ContRail: A Framework for Realistic Railway Image Synthesis using ControlNet
Andrei-Robert Alexandrescu, Razvan-Gabriel Petec, Alexandru Manole, Laura-Silvia Diosan
TL;DR
ContRail tackles data scarcity in railway scene understanding by generating realistic ego-view railway images with a ControlNet-based, multi-modal conditioning framework. It combines segmentation masks and Canny edges as input conditions and leverages BLIP-2-derived prompts to guide stable diffusion, achieving realistic synthesis while enabling a single model to handle multiple conditioning signals. Quantitative results show that synthetic data can improve rail segmentation performance, with best gains when synthetic images accompany real data on the same ground-truth masks, and a low Fréchet Inception Distance indicating realism. The approach demonstrates practical impact by enabling targeted data augmentation for domain-specific vision tasks, potentially improving robustness in rare or hard-to-capture railway scenarios.
Abstract
Deep Learning became an ubiquitous paradigm due to its extraordinary effectiveness and applicability in numerous domains. However, the approach suffers from the high demand of data required to achieve the potential of this type of model. An ever-increasing sub-field of Artificial Intelligence, Image Synthesis, aims to address this limitation through the design of intelligent models capable of creating original and realistic images, endeavour which could drastically reduce the need for real data.
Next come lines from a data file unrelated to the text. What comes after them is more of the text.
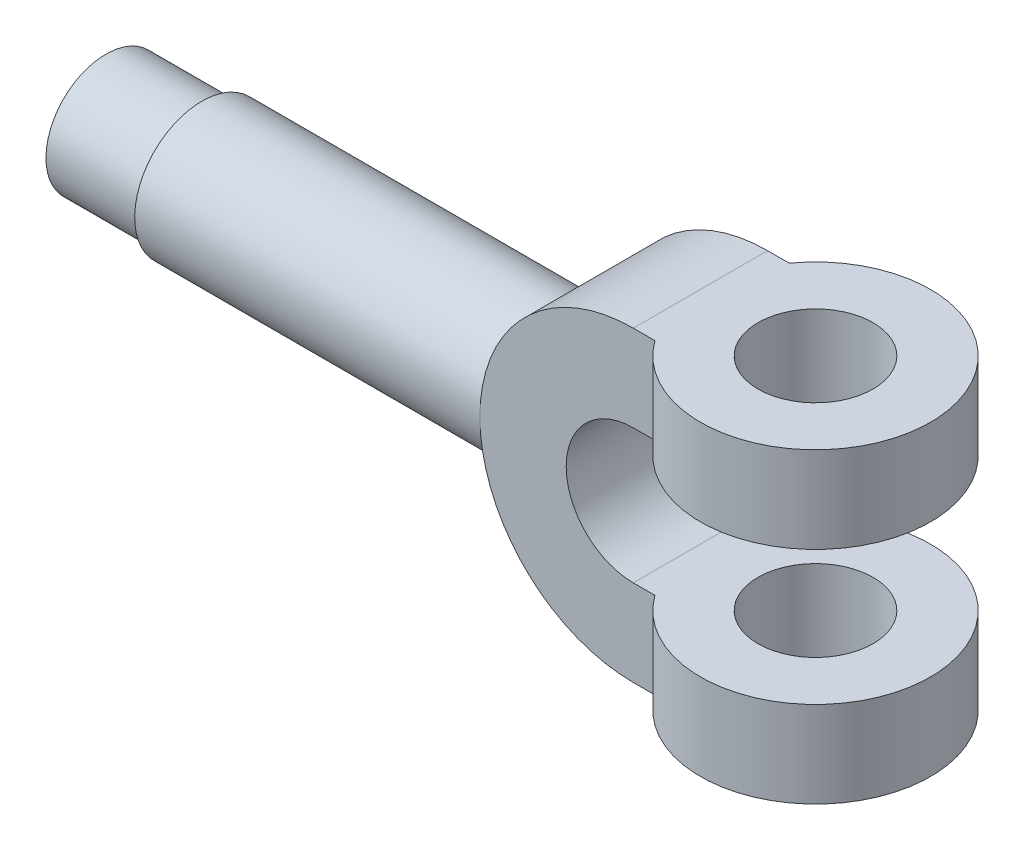
from build123d import *

# Parameters (mm, degrees)
SKETCH2_R           = 24
SKETCH2_R_2         = 12
BOSS_EXTRUDE2_DEPTH = 18
SKETCH3_R           = 24
SKETCH3_R_2         = 12
BOSS_EXTRUDE3_DEPTH = 18
BOSS_EXTRUDE4_DEPTH = 14
SKETCH6_R           = 12.5
BOSS_EXTRUDE5_DEPTH = 20
BOSS_EXTRUDE7_START = -18
BOSS_EXTRUDE7_DEPTH = 18
BOSS_EXTRUDE8_DEPTH = 18


with BuildPart() as part:
    # Sketch2 → Boss-Extrude2 (new body)
    with BuildSketch(Plane(origin=(0, 0, 0), x_dir=(1, 0, 0), z_dir=(0, 1, 0))):
        with Locations(Location((0, 0, 0), (0, 0, 270))):
            Circle(SKETCH2_R)
        with Locations(Location((0, 0, 0), (0, 0, 270))):
            Circle(SKETCH2_R_2, mode=Mode.SUBTRACT)
    extrude(amount=BOSS_EXTRUDE2_DEPTH)



with BuildPart() as body_2:
    # Sketch3 → Boss-Extrude3 (new body)
    with BuildSketch(Plane(origin=(0, 46, 0), x_dir=(1, 0, 0), z_dir=(0, 1, 0))):
        with Locations(Location((0, 0, 0), (0, 0, 270))):
            Circle(SKETCH3_R)
        with Locations(Location((0, 0, 0), (0, 0, 270))):
            Circle(SKETCH3_R_2, mode=Mode.SUBTRACT)
    extrude(amount=BOSS_EXTRUDE3_DEPTH)



with BuildPart() as body_3:
    # Sketch4 → Boss-Extrude4 (new, symmetric)
    with BuildSketch(Plane.XY):
        with BuildLine():
            Line((-24, 64), (-24, 46))
            ThreePointArc((-24, 46), (-38, 32), (-24, 18))
            Line((-24, 18), (-24, 0))
            ThreePointArc((-24, 0), (-56, 32), (-24, 64))
        make_face()
    extrude(amount=BOSS_EXTRUDE4_DEPTH, both=True)

    # Sketch5 → Revolve1 (revolve)
    with BuildSketch(Plane.XY, mode=Mode.PRIVATE) as revolve1_sk:
        with BuildLine():
            Line((-52.77498914, 46), (-128, 46))
            Line((-128, 46), (-128, 32))
            Line((-128, 32), (-56, 32))
            ThreePointArc((-56, 32), (-55.183326093, 39.183326093), (-52.77498914, 46))
        make_face()
    revolve(revolve1_sk.sketch.rotate(Axis((-128, 32, 0), (1, 0, 0)), 180), axis=Axis((-128, 32, 0), (1, 0, 0)))

    # Sketch6 → Boss-Extrude5 (add)
    with BuildSketch(Plane.ZY.offset(128)):
        with Locations(Location((0, 32, 0), (0, 0, 270))):
            Circle(SKETCH6_R)
    extrude(amount=BOSS_EXTRUDE5_DEPTH)


with BuildPart() as body_2_1:
    add(body_2.part)

    add(body_3.part)  # Boss-Extrude7 merges body 3
    # Sketch7 → Boss-Extrude7 (add)
    with BuildSketch(Plane(origin=(0, 64, 0), x_dir=(1, 0, 0), z_dir=(0, 1, 0)).offset(BOSS_EXTRUDE7_START)):
        with BuildLine():
            Line((-24, 14), (-19.49358869, 14))
            ThreePointArc((-19.49358869, 14), (-22.845635563, 7.353702178), (-24, 0))
            Line((-24, 0), (-24, 14))
        make_face()
    boss_extrude7 = extrude(amount=BOSS_EXTRUDE7_DEPTH)

    # Mirror1: Boss-Extrude7 across plane
    add(boss_extrude7.mirror(Plane.XY))


with BuildPart() as part_1:
    add(part.part)

    add(body_2_1.part)  # Boss-Extrude8 merges body 2
    # Sketch8 → Boss-Extrude8 (add)
    with BuildSketch(Plane.XZ):
        with BuildLine():
            Line((-24, 14), (-19.49358869, 14))
            ThreePointArc((-19.49358869, 14), (-22.845635563, 7.353702178), (-24, 0))
            Line((-24, 0), (-24, 14))
        make_face()
    boss_extrude8 = extrude(amount=-BOSS_EXTRUDE8_DEPTH)

    # Mirror2: Boss-Extrude8 across plane
    add(boss_extrude8.mirror(Plane.XY))


solid = part_1.part
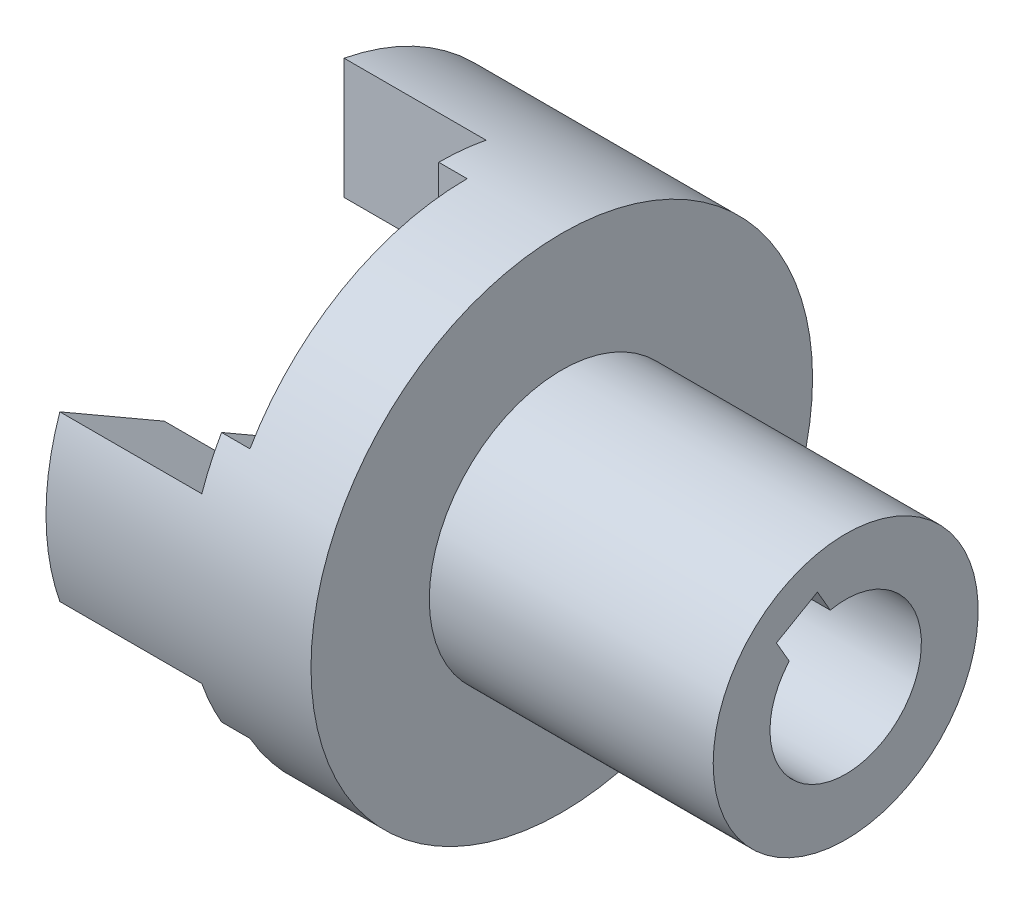
from build123d import *
from build123d.topology import SkipClean

# Parameters (mm, degrees)
EXTRUDE_1_DEPTH          = 3
EXTRUDE_2_DEPTH          = 15
PATTERN_CIRCULAR_1_COUNT = 3
CUT_EXTRUDE_1_DEPTH      = 70.054326439


with BuildPart() as part:
    # Эскиз1 → Повернуть1 (revolve)
    with BuildSketch(Plane.XY, mode=Mode.PRIVATE) as revolve_1_sk:
        Polygon((0, 8), (0, 26.5), (10, 26.5), (10, 14), (40, 14), (40, 8), align=None)
    revolve(revolve_1_sk.sketch.rotate(Axis((0, 0, 0), (1, 0, 0)), 90), axis=Axis((0, 0, 0), (1, 0, 0)))

    # Эскиз2 → Бобышка-Вытянуть1 (add)
    with BuildSketch(Plane.ZY):
        with BuildLine():
            Line((22.9496732, 13.25), (14, 8.082903769))
            Line((14, 8.082903769), (14, -8.082903769))
            Line((14, -8.082903769), (22.9496732, -13.25))
            ThreePointArc((22.9496732, -13.25), (26.5, 0), (22.9496732, 13.25))
        make_face()
    extrude_1 = extrude(amount=EXTRUDE_1_DEPTH)

    # Эскиз3 → Бобышка-Вытянуть2 (add)
    with BuildSketch(Plane.ZY.offset(3)):
        with BuildLine():
            Line((25.037468802, 8.681886661), (14, 2.309401077))
            Line((14, 2.309401077), (14, -2.309401077))
            Line((14, -2.309401077), (25.037468802, -8.681886661))
            ThreePointArc((25.037468802, -8.681886661), (26.5, 0), (25.037468802, 8.681886661))
        make_face()
    extrude_2 = extrude(amount=EXTRUDE_2_DEPTH)

    # Круговой массив1: Бобышка-Вытянуть1, Бобышка-Вытянуть2 ×3 about axis
    with SkipClean():  # the faces are left unmerged after this step: merging them gives an invalid solid
        pattern_circular_1_axis = Axis((0, 0, 0), (1, 0, 0))
        add([extrude_1.rotate(pattern_circular_1_axis, i * 360 / PATTERN_CIRCULAR_1_COUNT) for i in range(1, PATTERN_CIRCULAR_1_COUNT)])
        add([extrude_2.rotate(pattern_circular_1_axis, i * 360 / PATTERN_CIRCULAR_1_COUNT) for i in range(1, PATTERN_CIRCULAR_1_COUNT)])

    # Эскиз4 → Вырез-Вытянуть1 (cut, through all)
    with SkipClean():  # the faces are left unmerged after this step: merging them gives an invalid solid
        with BuildSketch(Plane(origin=(40, 0, 0), x_dir=(0, 0, -1), z_dir=(1, 0, 0))):
            Polygon((-7.315063509, 7.670061659), (-2.984936491, 10.170061659), (2.165063509, 1.25), (-2.165063509, -1.25), align=None)
        extrude(amount=-CUT_EXTRUDE_1_DEPTH, mode=Mode.SUBTRACT)


solid = part.part

The Stable Diffusion generation paradigm recently propelled state-of-the-art approaches to exceed all previous benchmarks. In this work, we propose the ContRail framework based on the novel Stable Diffusion model ControlNet, which we empower through a multi-modal conditioning method. We experiment with the task of synthetic railway image generation, where we improve the performance in rail-specific tasks, such as rail semantic segmentation by enriching the dataset with realistic synthetic images.